Is there an Entropy difference between a cold and hot body

[Chestermiller]

Really? You can get all that from just the two initial temperatures? It makes no difference what the substances are, what their mass is, or what the final temperature is?

Of course you have to specify the masses and heat capacities of the two bodies. I think you must already have known that.

 

[Herman Trivilino]

Of course you have to specify the masses and heat capacities of the two bodies. I think you must already have known that.

Of course I did, which is why I said that without that information you wouldn't have enough information. But you claimed I was wrong when I did that!

 

[Chestermiller]

Ah so you mean an isochor and isotherm and do this continuously until the cold body reaches the final temperature?

I can't understand why you feel compelled to place labels on the processes we are dealing with here, such as adiabatic, isochoric, constant temperature, isothermal, etc. Please stop doing this. The reversible process to take either of these bodies from its initial thermodynamic equilibrium state to its final thermodynamic equilibrium state is not isothermal (since the system temperature is changing), and, for an incompressible solid, the term isochoric is redundant.

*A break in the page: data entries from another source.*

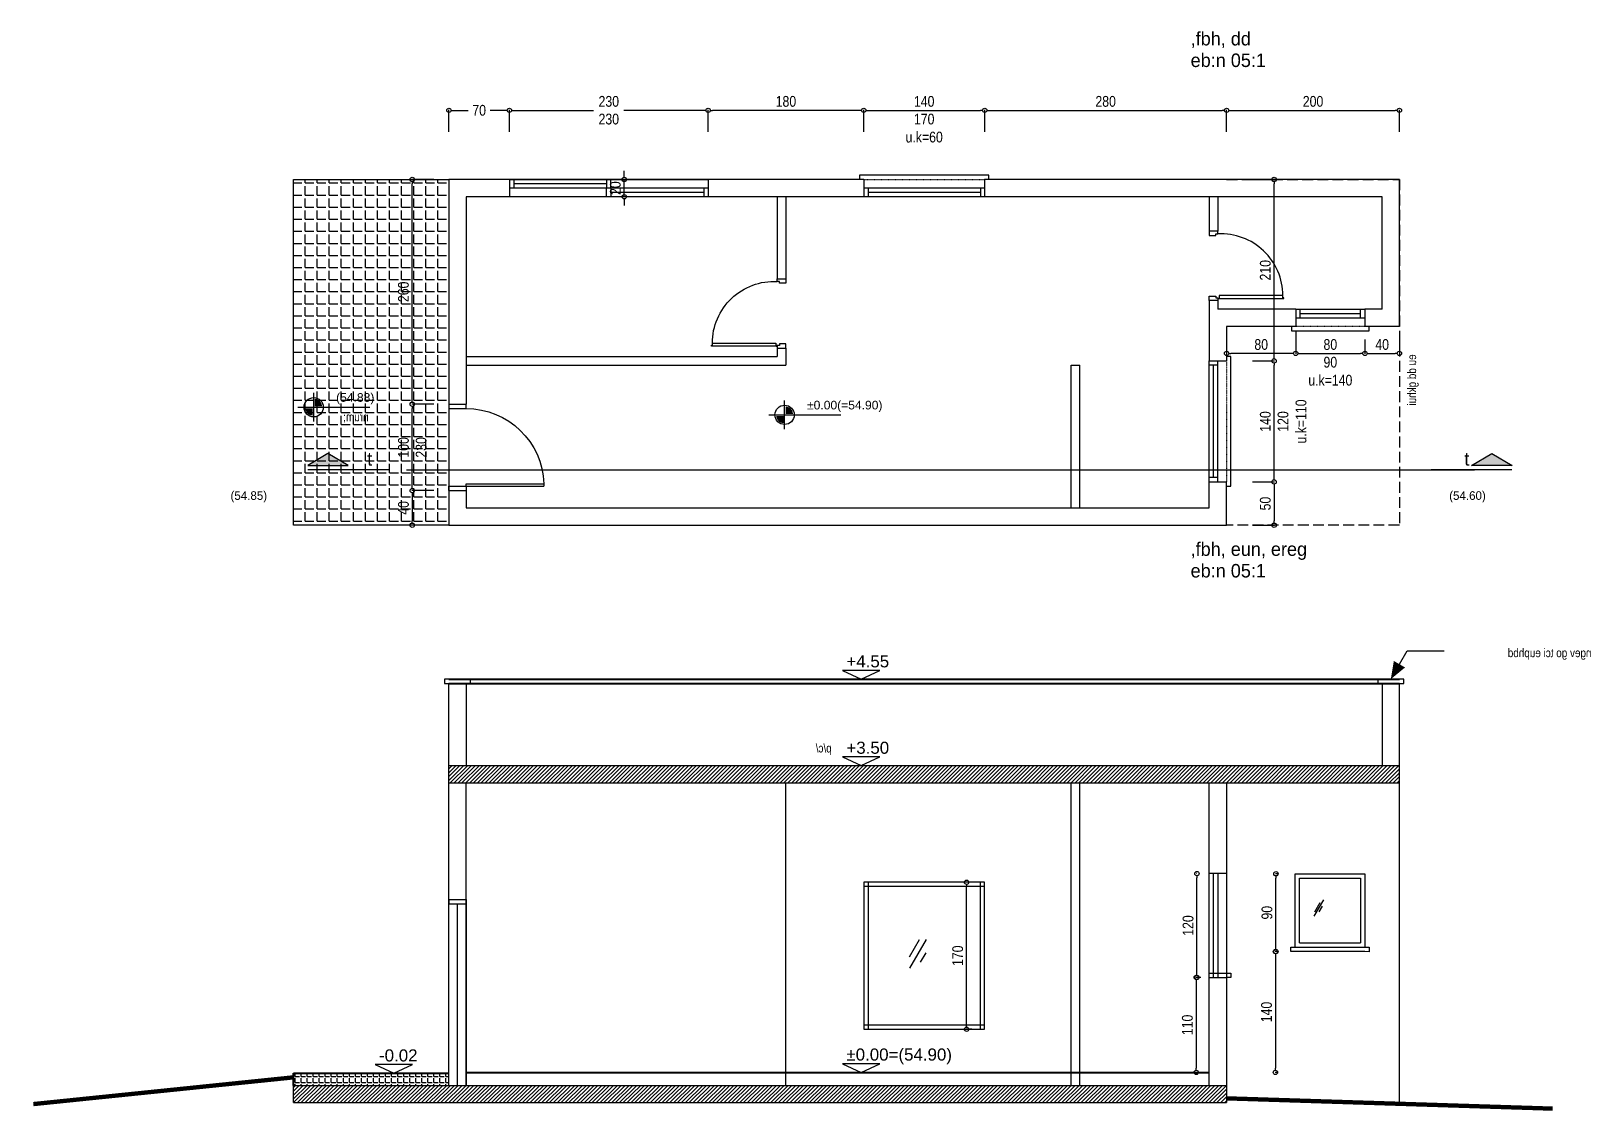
# Model space of a CAD drawing. Header units: millimetres. Extents: x 16987892 to 17014545, y 63475219 to 63484768.
# Drawn here: x 16997070 to 16998875, y 63480688 to 63481937 of the extents above; entities that cross this region are included whole.
import ezdxf

# ---------------------------------------------------------------- set-up
doc = ezdxf.new("R2010")
doc.units = ezdxf.units.MM
doc.header["$LTSCALE"] = 0.01
doc.linetypes.add('ACAD_ISO03W100', pattern=[30, 12, -18])
doc.linetypes.add('HIDDEN', pattern=[3.5, 2.5, -1])
for name, color, linetype in [('A-DIM', 6, 'Continuous'), ('DIM 50', 5, 'Continuous'), ('Dim-50', 8, 'Continuous'), ('DOOR', 4, 'Continuous'), ('Gray', 252, 'Continuous'), ('HID-2', 1, 'HIDDEN'), ('Hidden', 1, 'ACAD_ISO03W100'), ('Symbols', 1, 'Continuous'), ('Text50', 2, 'Continuous'), ('wall', 2, 'Continuous'), ('win', 2, 'Continuous'), ('Window', 6, 'Continuous')]:
    doc.layers.add(name, color=color, linetype=linetype)
doc.layers.add('MAB 2', color=160, linetype='Continuous', lineweight=40)
doc.styles.add('DIM', font='oron_.shx', dxfattribs={"width": 0.85})
doc.styles.add('MIRYL', font='techno_m')
doc.styles.add('mvt-mirym', font='mvt-mirym.shx')
doc.styles.add('ORON', font='oron_.shx')
doc.styles.get("Standard").update_dxf_attribs({"font": 'arial.ttf'})
doc.dimstyles.new('RIKI 1_50', dxfattribs={"dimscale": 5, "dimtxt": 2.5, "dimasz": 1, "dimexe": 0.1, "dimexo": 3, "dimgap": 0.8, "dimtad": 1, "dimdec": 1, "dimrnd": 1, "dimdsep": 46, "dimtxsty": 'DIM', "dimblk": 'DOTBLANK', "dimcen": 0.15, "dimdle": 0.1, "dimclrt": 7, "dimadec": 0, "dimazin": 0, "dimtfac": 1, "dimtdec": 1, "dimtix": 1, "dimtmove": 2, "dimatfit": 3, "dimfxl": 5, "dimfxlon": 1, "dimtolj": 1, "dimarcsym": 0})

# ---------------------------------------------------------------- blocks, each defined once
blk = doc.blocks.new('level')
for p, q in [((-36.4, 0), (129.8, 0)), ((0, -33.1), (0, 33.1))]:
    blk.add_line(p, q)
at = {"const_width": 16.9}
for points in [[(-10.7, -2.3, 0.414214), (-2.3, -10.7, -0.579856)], [(2.3, 10.7, -0.414214), (10.7, 2.3, 0.579856)]]:
    blk.add_lwpolyline(points, format="xyb", dxfattribs=at)
blk.add_circle((0, 0), 22.3)
blk.add_attdef('LEVEL', (51.9, 12.6), '', height=20)
blk = doc.blocks.new('_DotBlank')
at = {"color": 0, "linetype": 'ByBlock', "lineweight": -2}
blk.add_line((-0.5, 0), (-1, 0), dxfattribs=at)
blk.add_circle((0, 0), 0.5, dxfattribs=at)
blk = doc.blocks.new('*D472')
at = {"layer": 'DEFPOINTS', "color": 0, "ltscale": 100, "transparency": 16777216}
for p in [(16997756.8, 63481765.6), (16998453.9, 63481765.6), (16998433.9, 63481745.6)]:
    blk.add_point(p, dxfattribs=at)
at = {"layer": 'DIM 50', "color": 0, "lineweight": -2, "ltscale": 100, "transparency": 16777216}
for p, q in [((16997781.8, 63481765.6), (16997756.3, 63481765.6)), ((16997756.8, 63481770.6), (16997756.8, 63481775.6)), ((16997756.8, 63481745.6), (16997756.8, 63481765.6)), ((16997781.8, 63481745.6), (16997756.3, 63481745.6)), ((16997756.8, 63481740.6), (16997756.8, 63481735.6))]:
    blk.add_line(p, q, dxfattribs=at)
at = {"layer": 'DIM 50', "color": 0, "lineweight": -2, "ltscale": 100, "transparency": 16777216, "xscale": 5, "yscale": 5, "zscale": 5}
for p, rotation in [((16997756.8, 63481765.6), 270), ((16997756.8, 63481745.6), 90)]:
    blk.add_blockref('_DotBlank', p, dxfattribs=dict(at, rotation=rotation))
at = {"layer": 'DIM 50', "color": 7, "ltscale": 100, "transparency": 16777216, "insert": (16997746.5, 63481755.6), "char_height": 12.5, "attachment_point": 5, "rotation": 90, "style": 'DIM'}
blk.add_mtext('\\A1;20', dxfattribs=at)
blk = doc.blocks.new('sec')
h = blk.add_hatch(color=256)
h.dxf.hatch_style = 1
h.paths.add_polyline_path([(1000, 50), (750, 200), (500, 50)])
for p, q in [((500, 50), (750, 200)), ((750, 200), (1000, 50)), ((1000, 50), (500, 50))]:
    blk.add_line(p, q)
at = {"const_width": 20}
blk.add_lwpolyline([(0, 0), (1000, 0)], dxfattribs=at)
blk = doc.blocks.new('d100')
for p, q in [((-8, -20), (-8, -110)), ((-5, -20), (-8, -20)), ((-5, -20), (-5, -110)), ((-8, -110), (-5, -110))]:
    blk.add_line(p, q)
for points in [[(-100, 0), (-95, 0), (-95, -20), (-100, -20)], [(0, 0), (-5, 0), (-5, -20), (0, -20)]]:
    blk.add_lwpolyline(points)
blk.add_arc((-5, -20), 90, 180, 268.0898)
blk = doc.blocks.new('*D480')
at = {"layer": 'DEFPOINTS', "color": 0, "ltscale": 100, "transparency": 16777216}
for p in [(16997511.5, 63481505.6), (16997994.7, 63481505.6), (16997994.7, 63481405.6)]:
    blk.add_point(p, dxfattribs=at)
at = {"layer": 'DIM 50', "color": 0, "lineweight": -2, "ltscale": 100, "transparency": 16777216}
for p, q in [((16997536.5, 63481505.6), (16997511, 63481505.6)), ((16997511.5, 63481410.6), (16997511.5, 63481500.6)), ((16997536.5, 63481405.6), (16997511, 63481405.6))]:
    blk.add_line(p, q, dxfattribs=at)
at = {"layer": 'DIM 50', "color": 0, "lineweight": -2, "ltscale": 100, "transparency": 16777216, "xscale": 5, "yscale": 5, "zscale": 5}
for p, rotation in [((16997511.5, 63481505.6), 90), ((16997511.5, 63481405.6), 270)]:
    blk.add_blockref('_DotBlank', p, dxfattribs=dict(at, rotation=rotation))
at = {"layer": 'DIM 50', "color": 7, "ltscale": 100, "transparency": 16777216, "char_height": 12.5, "attachment_point": 5, "rotation": 90, "style": 'DIM'}
for s, insert in [('\\A1;100', (16997501.3, 63481455.6)), ('\\A1;230', (16997521.8, 63481455.6))]:
    blk.add_mtext(s, dxfattribs=dict(at, insert=insert))
blk = doc.blocks.new('*D481')
at = {"layer": 'DEFPOINTS', "color": 0, "ltscale": 100, "transparency": 16777216}
for p in [(16997511.5, 63481765.6), (16997553.9, 63481765.6), (16997994.7, 63481505.6)]:
    blk.add_point(p, dxfattribs=at)
at = {"layer": 'DIM 50', "color": 0, "lineweight": -2, "ltscale": 100, "transparency": 16777216}
for p, q in [((16997536.5, 63481765.6), (16997511, 63481765.6)), ((16997511.5, 63481510.6), (16997511.5, 63481760.6)), ((16997536.5, 63481505.6), (16997511, 63481505.6))]:
    blk.add_line(p, q, dxfattribs=at)
at = {"layer": 'DIM 50', "color": 0, "lineweight": -2, "ltscale": 100, "transparency": 16777216, "xscale": 5, "yscale": 5, "zscale": 5}
for p, rotation in [((16997511.5, 63481765.6), 90), ((16997511.5, 63481505.6), 270)]:
    blk.add_blockref('_DotBlank', p, dxfattribs=dict(at, rotation=rotation))
at = {"layer": 'DIM 50', "color": 7, "ltscale": 100, "transparency": 16777216, "insert": (16997501.3, 63481635.6), "char_height": 12.5, "attachment_point": 5, "rotation": 90, "style": 'DIM'}
blk.add_mtext('\\A1;260', dxfattribs=at)
blk = doc.blocks.new('*D489')
at = {"layer": 'DEFPOINTS', "color": 0, "ltscale": 100, "transparency": 16777216}
for p in [(16997994.7, 63481405.6), (16997511.5, 63481365.6), (16997553.9, 63481365.6)]:
    blk.add_point(p, dxfattribs=at)
at = {"layer": 'DIM 50', "color": 0, "lineweight": -2, "ltscale": 100, "transparency": 16777216}
for p, q in [((16997536.5, 63481405.6), (16997511, 63481405.6)), ((16997511.5, 63481400.6), (16997511.5, 63481370.6)), ((16997536.5, 63481365.6), (16997511, 63481365.6))]:
    blk.add_line(p, q, dxfattribs=at)
at = {"layer": 'DIM 50', "color": 0, "lineweight": -2, "ltscale": 100, "transparency": 16777216, "xscale": 5, "yscale": 5, "zscale": 5}
for p, rotation in [((16997511.5, 63481405.6), 90), ((16997511.5, 63481365.6), 270)]:
    blk.add_blockref('_DotBlank', p, dxfattribs=dict(at, rotation=rotation))
at = {"layer": 'DIM 50', "color": 7, "ltscale": 100, "transparency": 16777216, "insert": (16997501.3, 63481385.6), "char_height": 12.5, "attachment_point": 5, "rotation": 90, "style": 'DIM'}
blk.add_mtext('\\A1;40', dxfattribs=at)
blk = doc.blocks.new('*D482')
at = {"layer": 'DEFPOINTS', "color": 0, "ltscale": 100, "transparency": 16777216}
for p in [(16998323.6, 63481555.6), (16998508.9, 63481555.6), (16998323.6, 63481415.6)]:
    blk.add_point(p, dxfattribs=at)
at = {"layer": 'DIM 50', "color": 0, "lineweight": -2, "ltscale": 100, "transparency": 16777216}
for p, q in [((16998483.9, 63481555.6), (16998509.4, 63481555.6)), ((16998508.9, 63481420.6), (16998508.9, 63481550.6)), ((16998483.9, 63481415.6), (16998509.4, 63481415.6))]:
    blk.add_line(p, q, dxfattribs=at)
at = {"layer": 'DIM 50', "color": 0, "lineweight": -2, "ltscale": 100, "transparency": 16777216, "xscale": 5, "yscale": 5, "zscale": 5}
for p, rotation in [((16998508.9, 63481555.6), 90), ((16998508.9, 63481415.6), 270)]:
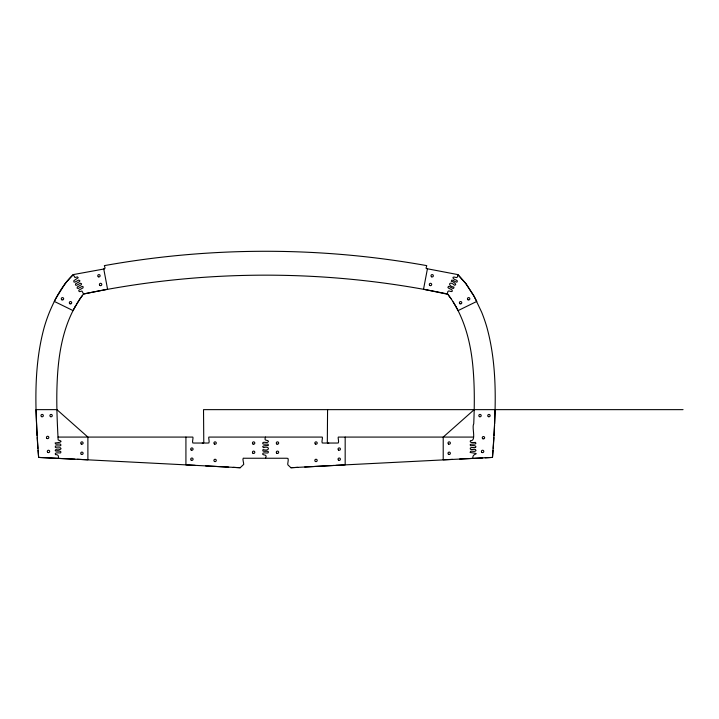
<?xml version="1.0" encoding="UTF-8"?>
<svg xmlns="http://www.w3.org/2000/svg" width="719" height="719" viewBox="0 0 719 719"><rect width="100%" height="100%" fill="white"/><g stroke="black" fill="none" stroke-linecap="round" stroke-linejoin="round"><path stroke-width="1.08" d="M495.076 409.641L494.627 423.824M494.573 425.001L494.034 435.768M493.935 437.574L493.207 448.404M335.944 465.346L473.039 458.389C471.322 452.619 482.862 454.462 470.118 452.467C469.947 449.456 475.016 452.844 475.996 450.543C475.789 447.982 471.925 450.355 470.388 449.258C468.923 446.499 474.468 447.973 475.627 447.506C477.407 445.007 471.331 445.492 470.747 445.852C467.503 442.518 478.405 445.762 475.385 442.338C474.702 442.536 468.698 443.237 470.442 440.666C476.769 441.394 471.502 427.428 473.74 423.797C474.522 405.282 474.657 386.714 473.039 368.245C471.107 345.183 465.606 321.896 453.249 302.07M493.063 450.211L492.479 457.419L485.181 457.805M466.164 283.987L457.85 274.595L427.428 268.789L423.527 289.245L447.748 294.287M73.194 310.32C61.69 332.771 58.086 358.26 57.116 383.2C56.316 402.137 57.152 421.109 58.158 440.001C64.818 441.646 58.383 442.769 55.129 442.931C55.174 445.573 59.201 443.192 60.711 444.279C62.158 447.092 56.594 445.429 55.426 446.068C53.835 448.638 59.74 447.874 60.351 447.685C63.281 449.645 56.325 450.489 55.983 449.456C52.253 452.817 62.948 449.303 60.603 452.916C59.542 453.177 53.934 451.945 55.426 454.624C57.61 454.444 59.282 455.63 58.068 458.389L74.839 459.198M73.662 309.422L73.059 310.599L54.311 301.423L55.714 298.691M73.329 310.069L74.452 307.93M73.814 309.116L79.369 299.733M83.359 294.287L83.584 294.008A888.783 888.783 0 0 1 447.47 293.954C447.488 288.103 450.777 292.93 452.359 291.141C453.024 288.58 445.888 288.822 448.413 286.387C450.004 286.153 454.138 290.584 453.995 287.151C446.832 286 449.456 279.988 454.498 285.263C458.12 285.101 452.7 280.949 451.298 281.336C451.334 277.974 455.253 282.45 456.907 282.163C459.459 279.745 452.197 279.979 452.988 277.345C454.678 275.772 457.769 280.329 457.85 274.595L465.373 282.944L473.318 294.943M56.001 298.151L64.737 284.257M74.605 307.633L74.938 307.04M75.1 306.743L76.025 305.108M76.502 304.29L80.618 297.909M79.548 299.455L82.64 295.194M80.78 297.693L81.247 297.037M81.427 296.794L82.451 295.446M64.935 283.987L66.373 282.109M66.588 281.839L73.257 274.595L104.426 268.915L105.073 268.034L104.363 265.626A912.645 912.645 0 0 1 426.744 265.626L426.043 268.223L427.428 268.789M83.062 294.664L83.638 293.954L107.58 289.245L103.734 268.825M83.584 294.008L81.93 291.033L79.539 291.671L78.677 290.889L79.027 290.063L82.982 287.906L83.188 286.809L82.164 286.369L78.236 288.445L77.194 288.211L77.239 286.998L81.238 284.796L81.553 283.771L80.465 283.214L76.484 285.317L75.504 285.057L75.549 283.843L79.548 281.641L79.89 280.752L78.775 280.059L74.794 282.163L73.859 281.956L73.85 280.689L78.218 277.732L77.418 276.878L74.956 277.516L73.257 274.595C62.382 284.931 55.174 298.52 49.44 312.217A157.434 157.434 0 0 0 44.362 326.812C32.589 369.251 35.582 414.009 38.628 457.419L87.889 459.792L87.889 437.08L56.909 409.641L36.031 409.641L37.064 435.768M233.289 467.377L240.209 467.718L243.184 464.887C245.134 465.454 240.847 456.592 244.451 458.246L286.656 458.246C289.973 456.96 286.917 464.663 287.915 464.887L290.898 467.718L297.81 467.377M328.799 443.084L327.882 443.237L327.316 442.428L327.576 409.641M474.198 409.641L443.21 437.08L443.21 459.792L452.53 459.369M304.73 467.017L345.174 464.86L345.174 437.08M333.94 465.463L290.898 467.718M482.755 457.922L459.711 459.01M474.252 458.336L492.479 457.419C495.526 414.009 498.519 369.251 486.745 326.812A157.434 157.434 0 0 0 481.667 312.217L474.261 296.614L466.37 284.257M683.05 409.641L203.522 409.641L203.783 442.428L203.162 443.264L202.255 443.039M58.068 437.08L192.791 437.08C193.86 437.269 190.886 444.378 194.049 443.039L207.629 443.039C210.775 444.369 207.935 437.224 208.887 437.08L322.211 437.08C323.28 437.269 320.315 444.378 323.478 443.039L337.049 443.039C340.186 444.369 337.436 437.269 338.316 437.08L473.039 437.08M77.319 459.288L195.155 465.346M56.855 458.336L38.628 457.419L38.035 450.211M240.209 467.718L185.924 464.86L185.924 437.08M228.678 467.134L205.643 465.903M447.47 293.954L447.937 294.529M447.91 294.502L449.537 296.605M448.656 295.446L450.328 297.693M449.878 297.073L450.795 298.349M450.525 297.972L451.496 299.374M451.397 299.23L452.7 301.198M452.997 301.665L456.008 306.743M473.623 295.473L476.796 301.423L458.057 310.617L457.778 310.069M456.17 307.04L456.493 307.633M456.655 307.93L456.969 308.523M457.23 309.017L457.509 309.547M37.9 448.404L37.172 437.574M265.554 437.08C263.433 441.556 267.549 439.453 268.52 441.268C268.241 444.234 261.851 440.414 262.723 443.695C264.089 445.259 269.257 442.482 268.295 445.591C267.126 445.573 260.485 445.403 263.397 447.658C270.263 445.376 270.047 451.865 263.019 449.573C261.294 452.521 266.938 450.66 268.25 451.478C269.607 454.938 262.624 451.083 262.588 454.129C263.729 455.783 267.558 453.869 265.554 458.246M81.328 444.072A1.195 1.195 0 0 0 83.116 443.039A1.195 1.195 0 0 0 81.328 442.005A1.195 1.195 0 0 0 81.328 444.072M81.328 454.327A1.195 1.195 0 0 0 83.116 453.294A1.195 1.195 0 0 0 81.328 452.26A1.195 1.195 0 0 0 81.328 454.327M191.227 450.085A1.195 1.195 0 0 0 193.078 449.177A1.195 1.195 0 0 0 191.371 448.027A1.195 1.195 0 0 0 191.227 450.085M191.299 460.241A1.195 1.195 0 0 0 193.087 459.207A1.195 1.195 0 0 0 191.299 458.174A1.195 1.195 0 0 0 191.299 460.241M253.025 444.072A1.195 1.195 0 0 0 254.814 443.039A1.195 1.195 0 0 0 253.025 442.005A1.195 1.195 0 0 0 253.025 444.072M253.025 453.312A1.195 1.195 0 0 0 254.814 452.278A1.195 1.195 0 0 0 253.025 451.253A1.195 1.195 0 0 0 253.025 453.312M214.496 444.072A1.195 1.195 0 0 0 216.284 443.039A1.195 1.195 0 0 0 214.496 442.005A1.195 1.195 0 0 0 214.496 444.072M214.496 461.472A1.195 1.195 0 0 0 216.284 460.439A1.195 1.195 0 0 0 214.496 459.405A1.195 1.195 0 0 0 214.496 461.472M448.584 454.327A1.195 1.195 0 0 0 450.373 453.294A1.195 1.195 0 0 0 448.584 452.26A1.195 1.195 0 0 0 448.584 454.327M448.584 444.072A1.195 1.195 0 0 0 450.373 443.039A1.195 1.195 0 0 0 448.584 442.005A1.195 1.195 0 0 0 448.584 444.072M338.613 460.241A1.195 1.195 0 0 0 340.402 459.207A1.195 1.195 0 0 0 338.613 458.174A1.195 1.195 0 0 0 338.613 460.241M276.887 444.072A1.195 1.195 0 0 0 278.675 443.039A1.195 1.195 0 0 0 276.887 442.005A1.195 1.195 0 0 0 276.887 444.072M315.416 461.472A1.195 1.195 0 0 0 317.205 460.439A1.195 1.195 0 0 0 315.416 459.405A1.195 1.195 0 0 0 315.416 461.472M315.416 444.072A1.195 1.195 0 0 0 317.205 443.039A1.195 1.195 0 0 0 315.416 442.005A1.195 1.195 0 0 0 315.416 444.072M276.887 453.312A1.195 1.195 0 0 0 278.675 452.278A1.195 1.195 0 0 0 276.887 451.253A1.195 1.195 0 0 0 276.887 453.312M338.541 450.085A1.195 1.195 0 0 0 340.402 449.177A1.195 1.195 0 0 0 338.685 448.027A1.195 1.195 0 0 0 338.541 450.085M431.571 276.797A1.195 1.195 0 0 0 433.359 275.763A1.195 1.195 0 0 0 431.571 274.739A1.195 1.195 0 0 0 431.571 276.797M429.836 285.479A1.195 1.195 0 0 0 431.688 284.571A1.195 1.195 0 0 0 429.98 283.412A1.195 1.195 0 0 0 429.836 285.479M100.004 285.524A1.195 1.195 0 0 0 101.792 284.49A1.195 1.195 0 0 0 100.004 283.457A1.195 1.195 0 0 0 100.004 285.524M98.341 276.797A1.195 1.195 0 0 0 100.13 275.763A1.195 1.195 0 0 0 98.341 274.739A1.195 1.195 0 0 0 98.341 276.797M482.009 452.467A1.195 1.195 0 0 0 483.797 451.433A1.195 1.195 0 0 0 482.009 450.4A1.195 1.195 0 0 0 482.009 452.467M482.853 438.761A1.195 1.195 0 0 0 484.642 437.727A1.195 1.195 0 0 0 482.853 436.694A1.195 1.195 0 0 0 482.853 438.761M479.42 416.643A1.195 1.195 0 0 0 481.209 415.609A1.195 1.195 0 0 0 479.42 414.575A1.195 1.195 0 0 0 479.42 416.643M488.354 416.643A1.195 1.195 0 0 0 490.142 415.609A1.195 1.195 0 0 0 488.354 414.575A1.195 1.195 0 0 0 488.354 416.643M459.998 303.76A1.195 1.195 0 0 0 461.787 302.735A1.195 1.195 0 0 0 459.998 301.701A1.195 1.195 0 0 0 459.998 303.76M468.042 299.814A1.195 1.195 0 0 0 469.831 298.78A1.195 1.195 0 0 0 468.042 297.747A1.195 1.195 0 0 0 468.042 299.814M47.903 452.467A1.195 1.195 0 0 0 49.692 451.433A1.195 1.195 0 0 0 47.903 450.4A1.195 1.195 0 0 0 47.903 452.467M47.041 438.491A1.195 1.195 0 0 0 48.829 437.458A1.195 1.195 0 0 0 47.041 436.424A1.195 1.195 0 0 0 47.041 438.491M69.914 303.76A1.195 1.195 0 0 0 71.702 302.735A1.195 1.195 0 0 0 69.914 301.701A1.195 1.195 0 0 0 69.914 303.76M61.87 299.814A1.195 1.195 0 0 0 63.658 298.78A1.195 1.195 0 0 0 61.87 297.747A1.195 1.195 0 0 0 61.87 299.814M50.492 416.643A1.195 1.195 0 0 0 52.28 415.609A1.195 1.195 0 0 0 50.492 414.575A1.195 1.195 0 0 0 50.492 416.643M41.549 416.643A1.195 1.195 0 0 0 43.347 415.609A1.195 1.195 0 0 0 41.549 414.575A1.195 1.195 0 0 0 41.549 416.643"/></g></svg>

If you mean that, to get the body from the initial to the final state reversibly, we can put the body into sequential contact with a series of constant temperature reservoirs at slightly different temperatures, running monotonically from the initial temperature to the final temperature, then this is correct. Is that what you meant?

 

[Chestermiller]

Of course I did, which is why I said that without that information you wouldn't have enough information. But you claimed I was wrong when I did that!

I was unable to read your mind. You certainly didn't mention what information, if any, was missing.

 

[Herman Trivilino]

I was unable to read your mind. You certainly didn't mention what information, if any, was missing.

Huhh? Everything, except what is given, is missing.

Here is the OP's question:

If two bodies, who say start with $T_{cold}=T_c$ and $T_{hot}=T_h$ and then they are brought in contact with one another and then after some time they both have the same temperature. What would be the entropy of the entire system?

My response was to state that there is not enough information given to answer that question.

Your response to me was to contradict that, so I followed up with a clarification and now you are agreeing with me.

 

[alantheastronomer]

Where does this equation exactly come from? Why would the internal energy be zero when there is internal energy in the system? The difference in the internal energy is zero but nonetheless there is internal energy.

The internal energy isn't zero; the CHANGE in internal energy is zero!